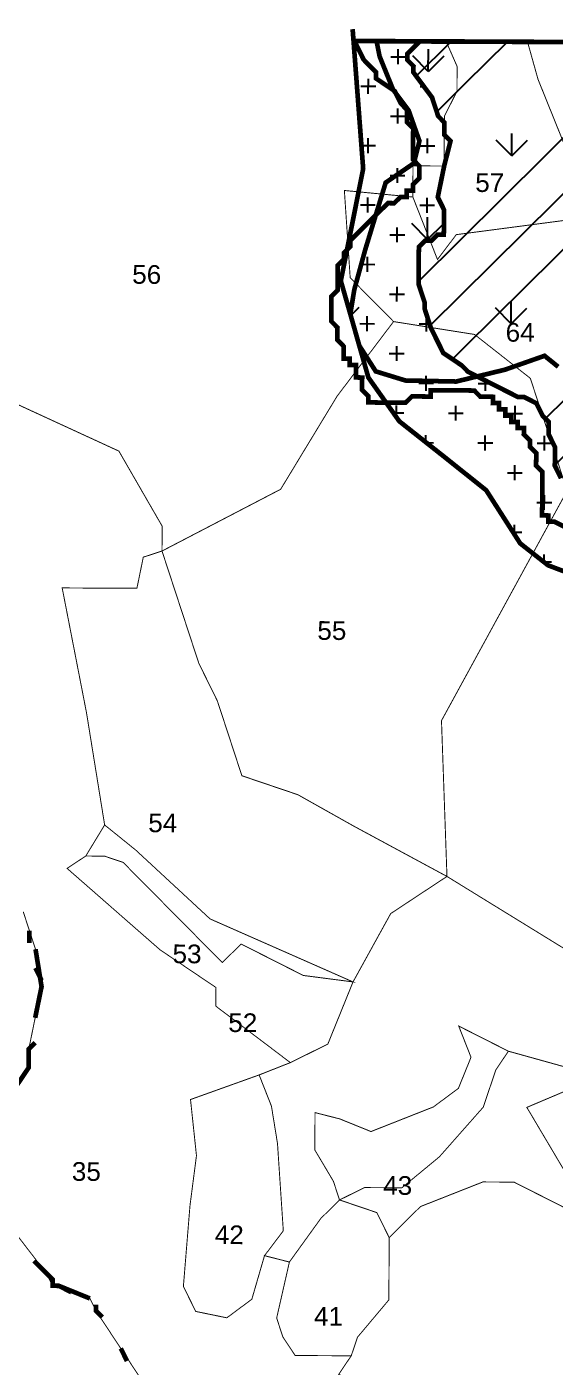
# Model space of a CAD drawing. Header units: metres. Extents: x 318080 to 326887, y 1838772 to 1852662.
# Drawn here: x 324236 to 324579, y 1851775 to 1852643 of the extents above; entities that cross this region are included whole.
import ezdxf

# ---------------------------------------------------------------- set-up
doc = ezdxf.new("R2010")
doc.units = ezdxf.units.M
doc.header["$MEASUREMENT"] = 0
for name, color, linetype in [('CRZ LINE FOR RIVER OR CREEK', 84, 'Continuous'), ('CVCA', 229, 'Continuous'), ('HAZARDS LINE', 1, 'Continuous'), ('HIGH TIDE LINE', 6, 'Continuous'), ('MANGROOVES', 112, 'Continuous'), ('NDZ-200M FROM CRZ', 30, 'Continuous'), ('SURVEY NO.', 7, 'Continuous'), ('SURVEY PLOT BOUNDARY', 35, 'Continuous'), ('VILLAGE BOUNDARY', 212, 'Continuous')]:
    doc.layers.add(name, color=color, linetype=linetype)
doc.styles.add('PDF Arial', font='arial.ttf')

# ---------------------------------------------------------------- blocks, each defined once
blk = doc.blocks.new('22')
at = {"layer": 'CVCA'}
h = blk.add_hatch(dxfattribs=at)
h.set_pattern_fill('GOST_GROUND', color=256, scale=12.102208, angle=-0.27582)
h.set_pattern_definition([(44.7242, (307091.11, 1837970.98), (171.1491, -0.8239), [242.0442]), (44.7242, (307127.42, 1837970.81), (171.1491, -0.8239), [242.0442]), (44.7242, (307163.72, 1837970.63), (171.1491, -0.8239), [242.0442])])
h.paths.add_polyline_path([(324679.42, 1852398.37), (324667.38, 1852410.53), (324671.43, 1852414.54), (324743.74, 1852353.68), (324796.05, 1852325.19), (324856.42, 1852296.65), (324868.5, 1852292.56), (324872.51, 1852288.51), (324908.76, 1852276.23), (324953.03, 1852255.84), (324957.07, 1852255.83), (324965.11, 1852251.75), (324977.19, 1852247.66), (325005.35, 1852231.39), (325021.47, 1852227.27), (325045.65, 1852223.12), (325053.7, 1852219.05), (325061.77, 1852219.01), (325081.92, 1852214.88), (325106.12, 1852214.76), (325110.17, 1852218.78), (325146.48, 1852218.6), (325158.56, 1852214.51), (325166.62, 1852214.47), (325166.6, 1852210.44), (325170.62, 1852206.38), (325170.54, 1852190.25), (325174.56, 1852186.19), (325174.54, 1852182.16), (325178.57, 1852182.14), (325178.61, 1852190.21), (325182.68, 1852198.26), (325182.74, 1852210.36), (325186.81, 1852218.41), (325186.89, 1852234.55), (325114.42, 1852263.14), (325062.06, 1852279.53), (324772.23, 1852405.99), (324748.05, 1852410.14), (324744.04, 1852414.19), (324740, 1852414.21), (324735.99, 1852418.27), (324731.95, 1852418.29), (324731.99, 1852426.36), (324744.09, 1852426.3), (324748.11, 1852422.24), (324756.18, 1852422.21), (324760.23, 1852426.22), (324760.25, 1852430.25), (324756.23, 1852434.31), (324748.17, 1852434.35), (324740.14, 1852442.45), (324736.1, 1852442.47), (324732.09, 1852446.53), (324724.06, 1852454.64), (324720.05, 1852458.69), (324707.96, 1852462.78), (324695.92, 1852474.94), (324683.86, 1852483.07), (324635.71, 1852535.75), (324627.7, 1852547.89), (324611.68, 1852572.18), (324595.7, 1852604.53), (324591.67, 1852604.55), (324587.69, 1852616.67), (324584.54, 1852632.82), (324490.96, 1852633.27), (324486.91, 1852629.26), (324482.85, 1852625.24), (324482.83, 1852621.21), (324486.85, 1852617.16), (324486.83, 1852613.12), (324498.85, 1852596.93), (324502.83, 1852584.8), (324506.84, 1852580.75), (324506.8, 1852572.68), (324510.82, 1852568.63), (324506.71, 1852552.51), (324502.58, 1852532.36), (324506.57, 1852524.27), (324506.49, 1852508.13), (324502.46, 1852508.15), (324498.41, 1852504.13), (324494.37, 1852504.15), (324490.32, 1852500.14), (324490.2, 1852475.93), (324494.18, 1852463.81), (324494.16, 1852459.78), (324498.13, 1852447.65), (324502.13, 1852439.57), (324506.12, 1852431.48), (324518.19, 1852423.35), (324522.2, 1852419.3), (324546.34, 1852407.08), (324554.39, 1852403), (324558.43, 1852402.98), (324566.47, 1852398.91), (324570.47, 1852390.82), (324574.48, 1852386.77), (324574.44, 1852378.7), (324578.44, 1852370.61), (324578.38, 1852358.51), (324582.38, 1852350.42), (324586.39, 1852346.37), (324594.44, 1852342.29), (324602.47, 1852334.19), (324606.48, 1852330.13), (324614.53, 1852326.06), (324622.6, 1852326.02), (324630.68, 1852330.02), (324638.75, 1852329.98), (324642.8, 1852333.99), (324658.94, 1852333.92), (324671, 1852325.79), (324715.22, 1852293.3), (324735.29, 1852273.03), (324743.34, 1852268.96), (324771.51, 1852256.72), (324779.58, 1852256.68), (324787.69, 1852264.71), (324795.79, 1852272.74), (324799.83, 1852272.72), (324820.04, 1852280.69), (324824.09, 1852284.71), (324824.17, 1852300.84), (324820.15, 1852304.9), (324800.02, 1852313.06), (324767.83, 1852329.36), (324723.61, 1852361.84)])
at = {"layer": 'MANGROOVES'}
h = blk.add_hatch(dxfattribs=at)
h.set_pattern_fill('GRASS', color=256, scale=3.025552, angle=-0.27582)
h.set_pattern_definition([(89.72418, (307091.11, 1837970.98), (-54.07824, 54.60143), [14.4092, -94.27174]), (44.72418, (307091.11, 1837970.98), (-54.07824, 54.60143), [14.4092, -62.43983]), (134.72418, (307091.11, 1837970.98), (-54.60143, -54.07824), [14.4092, -62.43983])])
h.paths.add_polyline_path([(324462.95, 1852633.29), (324464.93, 1852623.42), (324473.67, 1852601.9), (324483.73, 1852588.46), (324490.71, 1852568.71), (324487.1, 1852554.32), (324468.83, 1852541.77), (324455.47, 1852497.94), (324448.51, 1852472.45), (324445.93, 1852456.65), (324451.75, 1852436.22), (324462.42, 1852419.56), (324481.62, 1852413.66), (324514.49, 1852412.99), (324546.14, 1852420.67), (324571.73, 1852429.65), (324580.54, 1852422.53), (324584.17, 1852380.17), (324596.43, 1852353.58), (324606.7, 1852332.8), (324618.5, 1852313.29), (324630.59, 1852303.88), (324662.69, 1852300.44), (324684.72, 1852305.38), (324710.07, 1852318.91), (324723.83, 1852338.56), (324734.1, 1852354.14), (324750.64, 1852341.98), (324744.6, 1852318.72), (324748.83, 1852304.55), (324758.88, 1852290.85), (324778.29, 1852278.63), (324852.85, 1852249.07), (324973.77, 1852203), (325047.38, 1852176.57), (325159.01, 1852145.71), (325196.94, 1852144.77), (325214.97, 1852159.09), (325227.43, 1852173.69), (325236.15, 1852199.17), (325232.99, 1852224.71), (325228.35, 1852259.11), (325210.49, 1852268.97), (325184.45, 1852280.8), (325158.21, 1852293.82), (325051.84, 1852337.83), (324914.97, 1852391.01), (324823.98, 1852431.25), (324799.03, 1852447.2), (324693.49, 1852540.52), (324656.38, 1852582.85), (324641.61, 1852632.55)])
at = {"layer": 'NDZ-200M FROM CRZ'}
h = blk.add_hatch(dxfattribs=at)
h.set_pattern_fill('CROSS', color=256, scale=3.025552, angle=-0.27582)
h.set_pattern_definition([(359.72418, (307091.112, 1837970.982), (19.304521, 19.119544), [9.606128, -28.818383]), (89.72418, (307095.892, 1837966.156), (-19.119544, 19.304521), [9.606128, -28.818383])])
h.paths.add_polyline_path([(325148.5, 1852183.98), (325170.48, 1852178.14), (325178.57, 1852181.33), (325178.57, 1852182.14), (325174.54, 1852182.16), (325174.56, 1852186.19), (325170.54, 1852190.25), (325170.62, 1852206.38), (325166.6, 1852210.44), (325166.62, 1852214.47), (325158.56, 1852214.51), (325146.48, 1852218.6), (325110.17, 1852218.78), (325106.12, 1852214.76), (325081.92, 1852214.88), (325061.77, 1852219.01), (325053.7, 1852219.05), (325045.65, 1852223.12), (325021.47, 1852227.27), (325005.35, 1852231.39), (324977.19, 1852247.66), (324965.11, 1852251.75), (324957.07, 1852255.83), (324953.03, 1852255.84), (324908.76, 1852276.23), (324872.51, 1852288.51), (324868.5, 1852292.56), (324856.42, 1852296.65), (324796.05, 1852325.19), (324743.74, 1852353.68), (324671.43, 1852414.54), (324667.38, 1852410.53), (324679.42, 1852398.37), (324723.61, 1852361.84), (324767.83, 1852329.36), (324800.02, 1852313.06), (324820.15, 1852304.9), (324824.17, 1852300.84), (324824.09, 1852284.71), (324820.04, 1852280.69), (324799.83, 1852272.72), (324795.79, 1852272.74), (324787.69, 1852264.71), (324779.58, 1852256.68), (324771.51, 1852256.72), (324743.34, 1852268.96), (324735.29, 1852273.03), (324715.22, 1852293.3), (324671, 1852325.79), (324658.94, 1852333.92), (324642.8, 1852333.99), (324638.75, 1852329.98), (324630.68, 1852330.02), (324622.6, 1852326.02), (324614.53, 1852326.06), (324606.48, 1852330.13), (324602.47, 1852334.19), (324594.44, 1852342.29), (324586.39, 1852346.37), (324582.38, 1852350.42), (324578.38, 1852358.51), (324578.44, 1852370.61), (324574.44, 1852378.7), (324574.48, 1852386.77), (324570.47, 1852390.82), (324566.47, 1852398.91), (324558.43, 1852402.98), (324554.39, 1852403), (324546.34, 1852407.08), (324522.2, 1852419.3), (324518.19, 1852423.35), (324506.12, 1852431.48), (324502.13, 1852439.57), (324498.13, 1852447.65), (324494.16, 1852459.78), (324494.18, 1852463.81), (324490.2, 1852475.93), (324490.32, 1852500.14), (324494.37, 1852504.15), (324498.41, 1852504.13), (324502.46, 1852508.15), (324506.49, 1852508.13), (324506.57, 1852524.27), (324502.58, 1852532.36), (324506.71, 1852552.51), (324510.82, 1852568.63), (324506.8, 1852572.68), (324506.84, 1852580.75), (324502.83, 1852584.8), (324498.85, 1852596.93), (324486.83, 1852613.12), (324486.85, 1852617.16), (324482.83, 1852621.21), (324482.85, 1852625.24), (324486.91, 1852629.26), (324490.96, 1852633.27), (324448.02, 1852633.48), (324454.26, 1852550.74), (324439.79, 1852478.19), (324457.64, 1852415.57), (324477.67, 1852387.24), (324506.53, 1852364.44), (324533.93, 1852342.59), (324555.95, 1852308.19), (324574.04, 1852293.98), (324600.13, 1852284.15), (324642.55, 1852281.55), (324656.64, 1852275.43), (324708.86, 1852228.78), (324747.1, 1852212.46), (324795.3, 1852204.59), (324823.82, 1852228.23), (324842.07, 1852248.31), (324960.83, 1852199.32), (325039.35, 1852170.71), (325089.75, 1852166.43), (325124.08, 1852174.33)])
at = {"layer": 'CRZ LINE FOR RIVER OR CREEK', "ltscale": 0.1, "const_width": 3.03, "flags": 128}
blk.add_lwpolyline([(324447.44, 1852641.14), (324454.26, 1852550.74), (324439.79, 1852478.19), (324457.64, 1852415.57), (324477.67, 1852387.24), (324506.53, 1852364.44), (324533.93, 1852342.59), (324555.95, 1852308.19), (324574.04, 1852293.98), (324600.13, 1852284.15)], dxfattribs=at)
at = {"layer": 'CVCA', "lineweight": 50}
blk.add_lwpolyline([(324584.54, 1852632.82), (324490.96, 1852633.27), (324482.85, 1852625.24), (324482.83, 1852621.21), (324486.85, 1852617.16), (324486.83, 1852613.12), (324498.85, 1852596.93), (324502.83, 1852584.8), (324506.84, 1852580.75), (324506.8, 1852572.68), (324510.82, 1852568.63), (324506.71, 1852552.51), (324502.58, 1852532.36), (324506.57, 1852524.27), (324506.49, 1852508.13), (324502.46, 1852508.15), (324498.41, 1852504.13), (324494.37, 1852504.15), (324490.32, 1852500.14), (324490.2, 1852475.93), (324494.18, 1852463.81), (324494.16, 1852459.78), (324498.13, 1852447.65), (324502.13, 1852439.57), (324506.12, 1852431.48), (324518.19, 1852423.35), (324522.2, 1852419.3), (324546.34, 1852407.08), (324554.39, 1852403), (324558.43, 1852402.98), (324566.47, 1852398.91), (324570.47, 1852390.82), (324574.48, 1852386.77), (324574.44, 1852378.7), (324578.44, 1852370.61), (324578.38, 1852358.51), (324582.38, 1852350.42)], dxfattribs=at)
at = {"layer": 'HAZARDS LINE', "lineweight": 18, "const_width": 3.03}
blk.add_lwpolyline([(324448.61, 1852633.48), (324454.6, 1852621.35), (324458.61, 1852617.29), (324462.63, 1852613.24), (324462.61, 1852609.2), (324474.67, 1852601.08), (324478.66, 1852592.99), (324482.68, 1852588.93), (324482.64, 1852580.87), (324486.65, 1852576.81), (324486.56, 1852556.64), (324490.57, 1852552.59), (324490.53, 1852544.52), (324486.48, 1852540.5), (324486.46, 1852536.47), (324482.43, 1852536.49), (324482.41, 1852532.45), (324478.37, 1852532.47), (324474.32, 1852528.46), (324470.29, 1852528.48), (324466.23, 1852524.46), (324462.18, 1852520.45), (324458.13, 1852516.43), (324454.07, 1852512.42), (324445.97, 1852504.39), (324445.95, 1852500.35), (324441.89, 1852496.34), (324441.88, 1852492.3), (324437.82, 1852488.29), (324437.74, 1852472.15), (324433.69, 1852468.14), (324433.61, 1852452), (324437.63, 1852447.95), (324437.59, 1852439.88), (324441.6, 1852435.82), (324441.56, 1852427.75), (324445.6, 1852427.73), (324445.58, 1852423.7), (324449.61, 1852423.68), (324449.57, 1852415.61), (324453.61, 1852415.59), (324453.57, 1852407.52), (324457.58, 1852403.47), (324457.56, 1852399.44), (324481.77, 1852399.32), (324485.82, 1852403.33), (324497.92, 1852403.28), (324497.94, 1852407.31), (324526.18, 1852407.17), (324530.19, 1852403.12), (324538.26, 1852403.08), (324538.24, 1852399.05), (324542.27, 1852399.03), (324542.25, 1852394.99), (324546.29, 1852394.97), (324546.27, 1852390.94), (324550.3, 1852390.92), (324550.28, 1852386.89), (324554.31, 1852386.87), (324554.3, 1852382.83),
★ ★ ★ ★ ★ ★ ★
Problem requirements = From the listing above, return every line that contains the word "units".

Reply =
# Model space of a CAD drawing. Header units: metres. Extents: x 318080 to 326887, y 1838772 to 1852662.
doc.units = ezdxf.units.M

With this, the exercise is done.